◆ What to produce
From the entries below, copy each line in which the word "ezdxf" occurs.

Items from a data source:
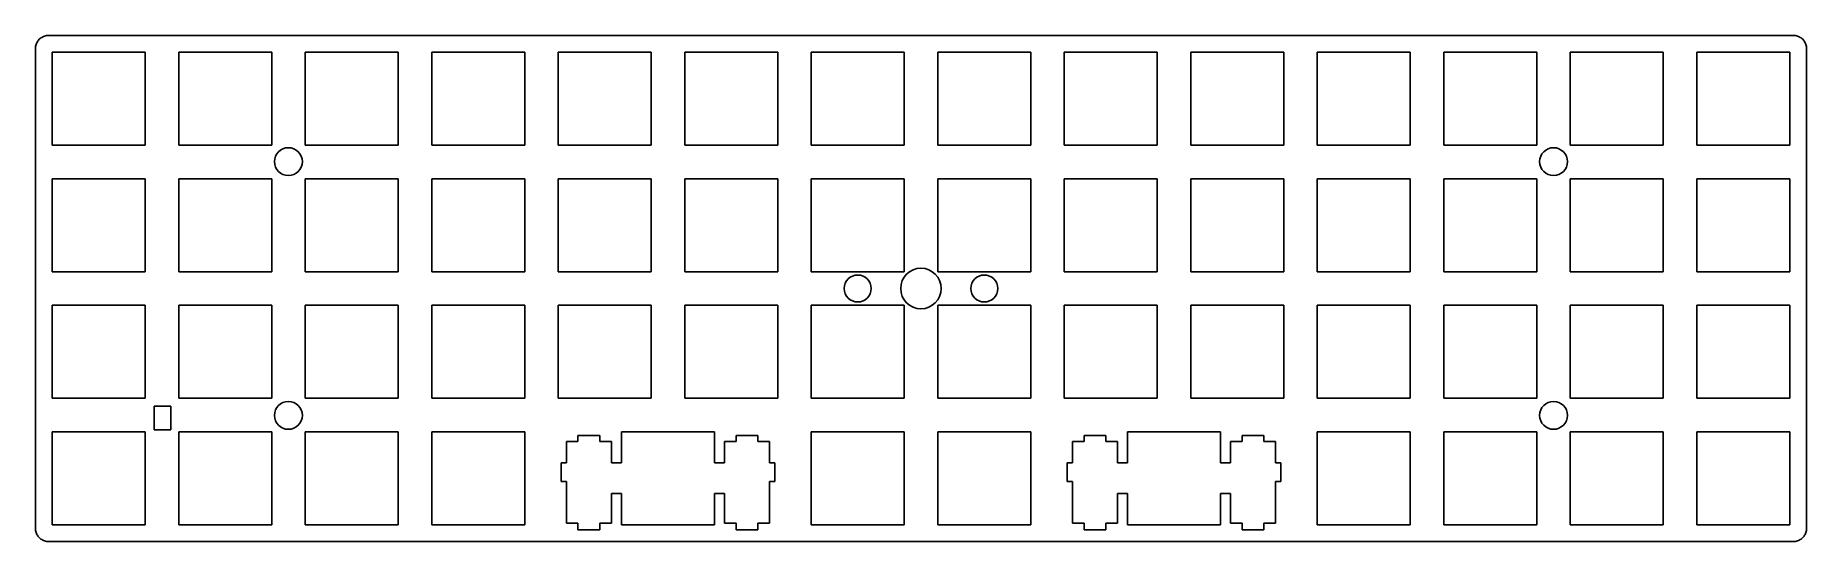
# Model space of a CAD drawing. Header units: millimetres. Extents: x -172 to 94, y -63 to 13.
import ezdxf

# ---------------------------------------------------------------- set-up
doc = ezdxf.new("R2010")
doc.units = ezdxf.units.MM

msp = doc.modelspace()

# ---------------------------------------------------------------- linework, layer by layer
at = {"color": 7, "linetype": 'Continuous', "lineweight": 25}
for p, q in [((-172.36, 11.24), (-172.37, 11.08)), ((-172.37, 11.08), (-172.37, -61.12)), ((-172.34, 11.4), (-172.36, 11.24)), ((-172.31, 11.55), (-172.34, 11.4)), ((-172.27, 11.7), (-172.31, 11.55)), ((-172.21, 11.85), (-172.27, 11.7)), ((-172.15, 11.99), (-172.21, 11.85)), ((-172.07, 12.13), (-172.15, 11.99)), ((-171.99, 12.26), (-172.07, 12.13)), ((-171.89, 12.38), (-171.99, 12.26)), ((-171.78, 12.5), (-171.89, 12.38)), ((-171.67, 12.6), (-171.78, 12.5)), ((-171.54, 12.7), (-171.67, 12.6)), ((-171.41, 12.79), (-171.54, 12.7)), ((-171.27, 12.86), (-171.41, 12.79)), ((-171.13, 12.93), (-171.27, 12.86)), ((-170.99, 12.98), (-171.13, 12.93)), ((-170.83, 13.03), (-170.99, 12.98)), ((-170.68, 13.06), (-170.83, 13.03)), ((-170.52, 13.08), (-170.68, 13.06)), ((-170.37, 13.08), (-170.52, 13.08)), ((92.33, 13.08), (-170.37, 13.08)), ((92.49, 13.08), (92.33, 13.08)), ((92.65, 13.06), (92.49, 13.08)), ((92.8, 13.03), (92.65, 13.06)), ((92.95, 12.98), (92.8, 13.03)), ((93.1, 12.93), (92.95, 12.98)), ((93.24, 12.86), (93.1, 12.93)), ((93.38, 12.79), (93.24, 12.86)), ((93.51, 12.7), (93.38, 12.79)), ((93.63, 12.6), (93.51, 12.7)), ((93.75, 12.5), (93.63, 12.6)), ((93.85, 12.38), (93.75, 12.5)), ((93.95, 12.26), (93.85, 12.38)), ((94.04, 12.13), (93.95, 12.26)), ((94.12, 11.99), (94.04, 12.13)), ((94.18, 11.85), (94.12, 11.99)), ((94.24, 11.7), (94.18, 11.85)), ((94.28, 11.55), (94.24, 11.7)), ((94.31, 11.4), (94.28, 11.55)), ((94.33, 11.24), (94.31, 11.4)), ((94.33, 11.08), (94.33, 11.24)), ((94.33, -61.12), (94.33, 11.08)), ((-155.84, 10.56), (-169.84, 10.56)), ((-169.84, 10.56), (-169.84, -3.44)), ((-155.84, -3.44), (-155.84, 10.56)), ((-136.79, 10.56), (-150.79, 10.56)), ((-150.79, 10.56), (-150.79, -3.44)), ((-136.79, -3.44), (-136.79, 10.56)), ((-117.74, 10.56), (-131.74, 10.56)), ((-131.74, 10.56), (-131.74, -3.44)), ((-117.74, -3.44), (-117.74, 10.56)), ((-112.69, 10.56), (-112.69, -3.44)), ((-98.69, 10.56), (-112.69, 10.56)), ((-98.69, -3.44), (-98.69, 10.56)), ((-79.64, 10.56), (-93.64, 10.56)), ((-93.64, 10.56), (-93.64, -3.44)), ((-79.64, -3.44), (-79.64, 10.56)), ((-60.59, 10.56), (-74.59, 10.56)), ((-74.59, 10.56), (-74.59, -3.44)), ((-60.59, -3.44), (-60.59, 10.56)), ((-41.54, 10.56), (-55.54, 10.56)), ((-55.54, 10.56), (-55.54, -3.44)), ((-41.54, -3.44), (-41.54, 10.56)), ((-36.49, 10.56), (-36.49, -3.44)), ((-22.49, 10.56), (-36.49, 10.56)), ((-22.49, -3.44), (-22.49, 10.56)), ((-3.44, 10.56), (-17.44, 10.56)), ((-17.44, 10.56), (-17.44, -3.44)), ((-3.44, -3.44), (-3.44, 10.56)), ((15.61, 10.56), (1.61, 10.56)), ((1.61, 10.56), (1.61, -3.44)), ((15.61, -3.44), (15.61, 10.56)), ((34.66, 10.56), (20.66, 10.56)), ((20.66, 10.56), (20.66, -3.44)), ((34.66, -3.44), (34.66, 10.56)), ((39.71, 10.56), (39.71, -3.44)), ((53.71, 10.56), (39.71, 10.56)), ((53.71, -3.44), (53.71, 10.56)), ((72.76, 10.56), (58.76, 10.56)), ((58.76, 10.56), (58.76, -3.44)), ((72.76, -3.44), (72.76, 10.56)), ((91.81, 10.56), (77.81, 10.56)), ((77.81, 10.56), (77.81, -3.44)), ((91.81, -3.44), (91.81, 10.56)), ((-169.84, -3.44), (-155.84, -3.44)), ((-150.79, -3.44), (-136.79, -3.44)), ((-131.74, -3.44), (-117.74, -3.44)), ((-112.69, -3.44), (-98.69, -3.44)), ((-93.64, -3.44), (-79.64, -3.44)), ((-74.59, -3.44), (-60.59, -3.44)), ((-55.54, -3.44), (-41.54, -3.44)), ((-36.49, -3.44), (-22.49, -3.44)), ((-17.44, -3.44), (-3.44, -3.44)), ((1.61, -3.44), (15.61, -3.44)), ((20.66, -3.44), (34.66, -3.44)), ((39.71, -3.44), (53.71, -3.44)), ((58.76, -3.44), (72.76, -3.44)), ((77.81, -3.44), (91.81, -3.44)), ((-155.84, -8.49), (-169.84, -8.49)), ((-169.84, -8.49), (-169.84, -22.49)), ((-155.84, -22.49), (-155.84, -8.49)), ((-150.79, -8.49), (-150.79, -22.49)), ((-136.79, -8.49), (-150.79, -8.49)), ((-136.79, -22.49), (-136.79, -8.49)), ((-117.74, -8.49), (-131.74, -8.49)), ((-131.74, -8.49), (-131.74, -22.49)), ((-117.74, -22.49), (-117.74, -8.49)), ((-98.69, -8.49), (-112.69, -8.49)), ((-112.69, -8.49), (-112.69, -22.49)), ((-98.69, -22.49), (-98.69, -8.49)), ((-79.64, -8.49), (-93.64, -8.49)), ((-93.64, -8.49), (-93.64, -22.49)), ((-79.64, -22.49), (-79.64, -8.49)), ((-74.59, -8.49), (-74.59, -22.49)), ((-60.59, -8.49), (-74.59, -8.49)), ((-60.59, -22.49), (-60.59, -8.49)), ((-41.54, -8.49), (-55.54, -8.49)), ((-55.54, -8.49), (-55.54, -22.49)), ((-41.54, -22.49), (-41.54, -8.49)), ((-22.49, -8.49), (-36.49, -8.49)), ((-36.49, -8.49), (-36.49, -22.49)), ((-22.49, -22.49), (-22.49, -8.49)), ((-3.44, -8.49), (-17.44, -8.49)), ((-17.44, -8.49), (-17.44, -22.49)), ((-3.44, -22.49), (-3.44, -8.49)), ((1.61, -8.49), (1.61, -22.49)), ((15.61, -8.49), (1.61, -8.49)), ((15.61, -22.49), (15.61, -8.49)), ((34.66, -8.49), (20.66, -8.49)), ((20.66, -8.49), (20.66, -22.49)), ((34.66, -22.49), (34.66, -8.49)), ((53.71, -8.49), (39.71, -8.49)), ((39.71, -8.49), (39.71, -22.49)), ((53.71, -22.49), (53.71, -8.49)), ((72.76, -8.49), (58.76, -8.49)), ((58.76, -8.49), (58.76, -22.49)), ((72.76, -22.49), (72.76, -8.49)), ((91.81, -8.49), (77.81, -8.49)), ((77.81, -8.49), (77.81, -22.49)), ((91.81, -22.49), (91.81, -8.49)), ((-169.84, -22.49), (-155.84, -22.49)), ((-150.79, -22.49), (-136.79, -22.49)), ((-131.74, -22.49), (-117.74, -22.49)), ((-112.69, -22.49), (-98.69, -22.49)), ((-93.64, -22.49), (-79.64, -22.49)), ((-74.59, -22.49), (-60.59, -22.49)), ((-55.54, -22.49), (-41.54, -22.49)), ((-36.49, -22.49), (-22.49, -22.49)), ((-17.44, -22.49), (-3.44, -22.49)), ((1.61, -22.49), (15.61, -22.49)), ((20.66, -22.49), (34.66, -22.49)), ((39.71, -22.49), (53.71, -22.49)), ((58.76, -22.49), (72.76, -22.49)), ((77.81, -22.49), (91.81, -22.49)), ((-155.84, -27.54), (-169.84, -27.54)), ((-169.84, -27.54), (-169.84, -41.54)), ((-155.84, -41.54), (-155.84, -27.54)), ((-136.79, -27.54), (-150.79, -27.54)), ((-150.79, -27.54), (-150.79, -41.54)), ((-136.79, -41.54), (-136.79, -27.54)), ((-117.74, -27.54), (-131.74, -27.54)), ((-131.74, -27.54), (-131.74, -41.54)), ((-117.74, -41.54), (-117.74, -27.54)), ((-112.69, -27.54), (-112.69, -41.54)), ((-98.69, -27.54), (-112.69, -27.54)), ((-98.69, -41.54), (-98.69, -27.54)), ((-79.64, -27.54), (-93.64, -27.54)), ((-93.64, -27.54), (-93.64, -41.54)), ((-79.64, -41.54), (-79.64, -27.54)), ((-60.59, -27.54), (-74.59, -27.54)), ((-74.59, -27.54), (-74.59, -41.54)), ((-60.59, -41.54), (-60.59, -27.54)), ((-41.54, -27.54), (-55.54, -27.54)), ((-55.54, -27.54), (-55.54, -41.54)), ((-41.54, -41.54), (-41.54, -27.54)), ((-36.49, -27.54), (-36.49, -41.54)), ((-22.49, -27.54), (-36.49, -27.54)), ((-22.49, -41.54), (-22.49, -27.54)), ((-3.44, -27.54), (-17.44, -27.54)), ((-17.44, -27.54), (-17.44, -41.54)), ((-3.44, -41.54), (-3.44, -27.54)), ((15.61, -27.54), (1.61, -27.54)), ((1.61, -27.54), (1.61, -41.54)), ((15.61, -41.54), (15.61, -27.54)), ((34.66, -27.54), (20.66, -27.54)), ((20.66, -27.54), (20.66, -41.54)), ((34.66, -41.54), (34.66, -27.54)), ((39.71, -27.54), (39.71, -41.54)), ((53.71, -27.54), (39.71, -27.54)), ((53.71, -41.54), (53.71, -27.54)), ((72.76, -27.54), (58.76, -27.54)), ((58.76, -27.54), (58.76, -41.54)), ((72.76, -41.54), (72.76, -27.54)), ((91.81, -27.54), (77.81, -27.54)), ((77.81, -27.54), (77.81, -41.54)), ((91.81, -41.54), (91.81, -27.54)), ((-169.84, -41.54), (-155.84, -41.54)), ((-150.79, -41.54), (-136.79, -41.54)), ((-131.74, -41.54), (-117.74, -41.54)), ((-112.69, -41.54), (-98.69, -41.54)), ((-93.64, -41.54), (-79.64, -41.54)), ((-74.59, -41.54), (-60.59, -41.54)), ((-55.54, -41.54), (-41.54, -41.54)), ((-36.49, -41.54), (-22.49, -41.54)), ((-17.44, -41.54), (-3.44, -41.54)), ((1.61, -41.54), (15.61, -41.54)), ((20.66, -41.54), (34.66, -41.54)), ((39.71, -41.54), (53.71, -41.54)), ((58.76, -41.54), (72.76, -41.54)), ((77.81, -41.54), (91.81, -41.54)), ((-154.5, -42.74), (-154.5, -46.29)), ((-151.96, -42.74), (-154.5, -42.74)), ((-151.96, -46.29), (-151.96, -42.74)), ((-155.84, -46.59), (-169.84, -46.59)), ((-169.84, -46.59), (-169.84, -60.59)), ((-155.84, -60.59), (-155.84, -46.59)), ((-154.5, -46.29), (-151.96, -46.29)), ((-150.79, -46.59), (-150.79, -60.59)), ((-136.79, -46.59), (-150.79, -46.59)), ((-136.79, -60.59), (-136.79, -46.59)), ((-117.74, -46.59), (-131.74, -46.59)), ((-131.74, -46.59), (-131.74, -60.59)), ((-117.74, -60.59), (-117.74, -46.59)), ((-98.69, -46.59), (-112.69, -46.59)), ((-112.69, -46.59), (-112.69, -60.59)), ((-98.69, -60.59), (-98.69, -46.59)), ((-87.37, -47.14), (-90.67, -47.14)), ((-90.67, -47.14), (-90.67, -48.06)), ((-87.37, -48.06), (-87.37, -47.14)), ((-70.12, -46.59), (-84.12, -46.59)), ((-84.12, -46.59), (-84.12, -51.29)), ((-70.12, -51.29), (-70.12, -46.59)), ((-63.57, -47.14), (-66.87, -47.14)), ((-66.87, -47.14), (-66.87, -48.06)), ((-63.57, -48.06), (-63.57, -47.14)), ((-41.54, -46.59), (-55.54, -46.59)), ((-55.54, -46.59), (-55.54, -60.59)), ((-41.54, -60.59), (-41.54, -46.59)), ((-36.49, -46.59), (-36.49, -60.59)), ((-22.49, -46.59), (-36.49, -46.59)), ((-22.49, -60.59), (-22.49, -46.59)), ((-11.17, -47.14), (-14.47, -47.14)), ((-14.47, -47.14), (-14.47, -48.06)), ((-11.17, -48.06), (-11.17, -47.14)), ((6.08, -46.59), (-7.92, -46.59)), ((-7.92, -46.59), (-7.92, -51.29)), ((6.08, -51.29), (6.08, -46.59)), ((12.63, -47.14), (9.33, -47.14)), ((9.33, -47.14), (9.33, -48.06)), ((12.63, -48.06), (12.63, -47.14)), ((34.66, -46.59), (20.66, -46.59)), ((20.66, -46.59), (20.66, -60.59)), ((34.66, -60.59), (34.66, -46.59)), ((53.71, -46.59), (39.71, -46.59)), ((39.71, -46.59), (39.71, -60.59)), ((53.71, -60.59), (53.71, -46.59)), ((72.76, -46.59), (58.76, -46.59)), ((58.76, -46.59), (58.76, -60.59)), ((72.76, -60.59), (72.76, -46.59)), ((77.81, -46.59), (77.81, -60.59)), ((91.81, -46.59), (77.81, -46.59)), ((91.81, -60.59), (91.81, -46.59)), ((-90.67, -48.06), (-92.39, -48.06)), ((-92.39, -48.06), (-92.39, -51.29)), ((-85.64, -48.06), (-87.37, -48.06)), ((-85.64, -51.29), (-85.64, -48.06)), ((-66.87, -48.06), (-68.59, -48.06)), ((-68.59, -48.06), (-68.59, -51.29)), ((-61.84, -48.06), (-63.57, -48.06)), ((-61.84, -51.29), (-61.84, -48.06)), ((-14.47, -48.06), (-16.19, -48.06)), ((-16.19, -48.06), (-16.19, -51.29)), ((-9.44, -48.06), (-11.17, -48.06)), ((-9.44, -51.29), (-9.44, -48.06)), ((9.33, -48.06), (7.61, -48.06)), ((7.61, -48.06), (7.61, -51.29)), ((14.36, -48.06), (12.63, -48.06)), ((14.36, -51.29), (14.36, -48.06)), ((-92.39, -51.29), (-93.22, -51.29)), ((-93.22, -51.29), (-93.22, -54.09)), ((-84.12, -51.29), (-85.64, -51.29)), ((-68.59, -51.29), (-70.12, -51.29)), ((-61.02, -51.29), (-61.84, -51.29)), ((-61.02, -54.09), (-61.02, -51.29)), ((-16.19, -51.29), (-17.02, -51.29)), ((-17.02, -51.29), (-17.02, -54.09)), ((-7.92, -51.29), (-9.44, -51.29)), ((7.61, -51.29), (6.08, -51.29)), ((15.18, -51.29), (14.36, -51.29)), ((15.18, -54.09), (15.18, -51.29)), ((-93.22, -54.09), (-92.39, -54.09)), ((-92.39, -54.09), (-92.39, -60.36)), ((-85.64, -60.36), (-85.64, -55.89)), ((-85.64, -55.89), (-84.12, -55.89)), ((-84.12, -55.89), (-84.12, -60.59)), ((-70.12, -60.59), (-70.12, -55.89)), ((-70.12, -55.89), (-68.59, -55.89)), ((-68.59, -55.89), (-68.59, -60.36)), ((-61.84, -60.36), (-61.84, -54.09)), ((-61.84, -54.09), (-61.02, -54.09)), ((-17.02, -54.09), (-16.19, -54.09)), ((-16.19, -54.09), (-16.19, -60.36)), ((-9.44, -60.36), (-9.44, -55.89)), ((-9.44, -55.89), (-7.92, -55.89)), ((-7.92, -55.89), (-7.92, -60.59)), ((6.08, -60.59), (6.08, -55.89)), ((6.08, -55.89), (7.61, -55.89)), ((7.61, -55.89), (7.61, -60.36)), ((14.36, -60.36), (14.36, -54.09)), ((14.36, -54.09), (15.18, -54.09)), ((-172.37, -61.12), (-172.36, -61.28)), ((-172.36, -61.28), (-172.34, -61.43)), ((-169.84, -60.59), (-155.84, -60.59)), ((-150.79, -60.59), (-136.79, -60.59)), ((-131.74, -60.59), (-117.74, -60.59)), ((-112.69, -60.59), (-98.69, -60.59)), ((-92.39, -60.36), (-90.67, -60.36)), ((-90.67, -60.36), (-90.67, -61.34)), ((-87.37, -61.34), (-87.37, -60.36)), ((-87.37, -60.36), (-85.64, -60.36)), ((-84.12, -60.59), (-70.12, -60.59)), ((-68.59, -60.36), (-66.87, -60.36)), ((-66.87, -60.36), (-66.87, -61.34)), ((-63.57, -60.36), (-61.84, -60.36)), ((-63.57, -61.34), (-63.57, -60.36)), ((-55.54, -60.59), (-41.54, -60.59)), ((-36.49, -60.59), (-22.49, -60.59)), ((-16.19, -60.36), (-14.47, -60.36)), ((-14.47, -60.36), (-14.47, -61.34)), ((-11.17, -61.34), (-11.17, -60.36)), ((-11.17, -60.36), (-9.44, -60.36)), ((-7.92, -60.59), (6.08, -60.59)), ((7.61, -60.36), (9.33, -60.36)), ((9.33, -60.36), (9.33, -61.34)), ((12.63, -61.34), (12.63, -60.36)), ((12.63, -60.36), (14.36, -60.36)), ((20.66, -60.59), (34.66, -60.59)), ((39.71, -60.59), (53.71, -60.59)), ((58.76, -60.59), (72.76, -60.59)), ((77.81, -60.59), (91.81, -60.59)), ((94.31, -61.43), (94.33, -61.28)), ((94.33, -61.28), (94.33, -61.12)), ((-172.34, -61.43), (-172.31, -61.59)), ((-172.31, -61.59), (-172.27, -61.74)), ((-172.27, -61.74), (-172.21, -61.88)), ((-172.21, -61.88), (-172.15, -62.03)), ((-172.15, -62.03), (-172.07, -62.16)), ((-172.07, -62.16), (-171.99, -62.29)), ((-171.99, -62.29), (-171.89, -62.42)), ((-171.89, -62.42), (-171.78, -62.53)), ((-171.78, -62.53), (-171.67, -62.64)), ((-171.67, -62.64), (-171.54, -62.74)), ((-171.54, -62.74), (-171.41, -62.82)), ((-171.41, -62.82), (-171.27, -62.9)), ((-171.27, -62.9), (-171.13, -62.97)), ((-171.13, -62.97), (-170.99, -63.02)), ((-170.99, -63.02), (-170.83, -63.06)), ((-170.83, -63.06), (-170.68, -63.09)), ((-170.68, -63.09), (-170.52, -63.11)), ((-170.52, -63.11), (-170.37, -63.12)), ((-170.37, -63.12), (92.33, -63.12)), ((-90.67, -61.34), (-87.37, -61.34)), ((-66.87, -61.34), (-63.57, -61.34)), ((-14.47, -61.34), (-11.17, -61.34)), ((9.33, -61.34), (12.63, -61.34)), ((92.33, -63.12), (92.49, -63.11)), ((92.49, -63.11), (92.65, -63.09)), ((92.65, -63.09), (92.8, -63.06)), ((92.8, -63.06), (92.95, -63.02)), ((92.95, -63.02), (93.1, -62.97)), ((93.1, -62.97), (93.24, -62.9)), ((93.24, -62.9), (93.38, -62.82)), ((93.38, -62.82), (93.51, -62.74)), ((93.51, -62.74), (93.63, -62.64)), ((93.63, -62.64), (93.75, -62.53)), ((93.75, -62.53), (93.85, -62.42)), ((93.85, -62.42), (93.95, -62.29)), ((93.95, -62.29), (94.04, -62.16)), ((94.04, -62.16), (94.12, -62.03)), ((94.12, -62.03), (94.18, -61.88)), ((94.18, -61.88), (94.24, -61.74)), ((94.24, -61.74), (94.28, -61.59)), ((94.28, -61.59), (94.31, -61.43))]:
    msp.add_line(p, q, dxfattribs=at)
for centre, radius in [((-134.27, -5.92), 2.1), ((56.23, -5.92), 2.1), ((-48.54, -25.02), 2.03), ((-39.02, -25.02), 3.05), ((-29.49, -25.02), 2.03), ((-134.27, -44.12), 2.1), ((56.23, -44.12), 2.1)]:
    msp.add_circle(centre, radius, dxfattribs=at)

doc.saveas('drawing.dxf')

◆ Your response
import ezdxf
doc = ezdxf.new("R2010")
doc.units = ezdxf.units.MM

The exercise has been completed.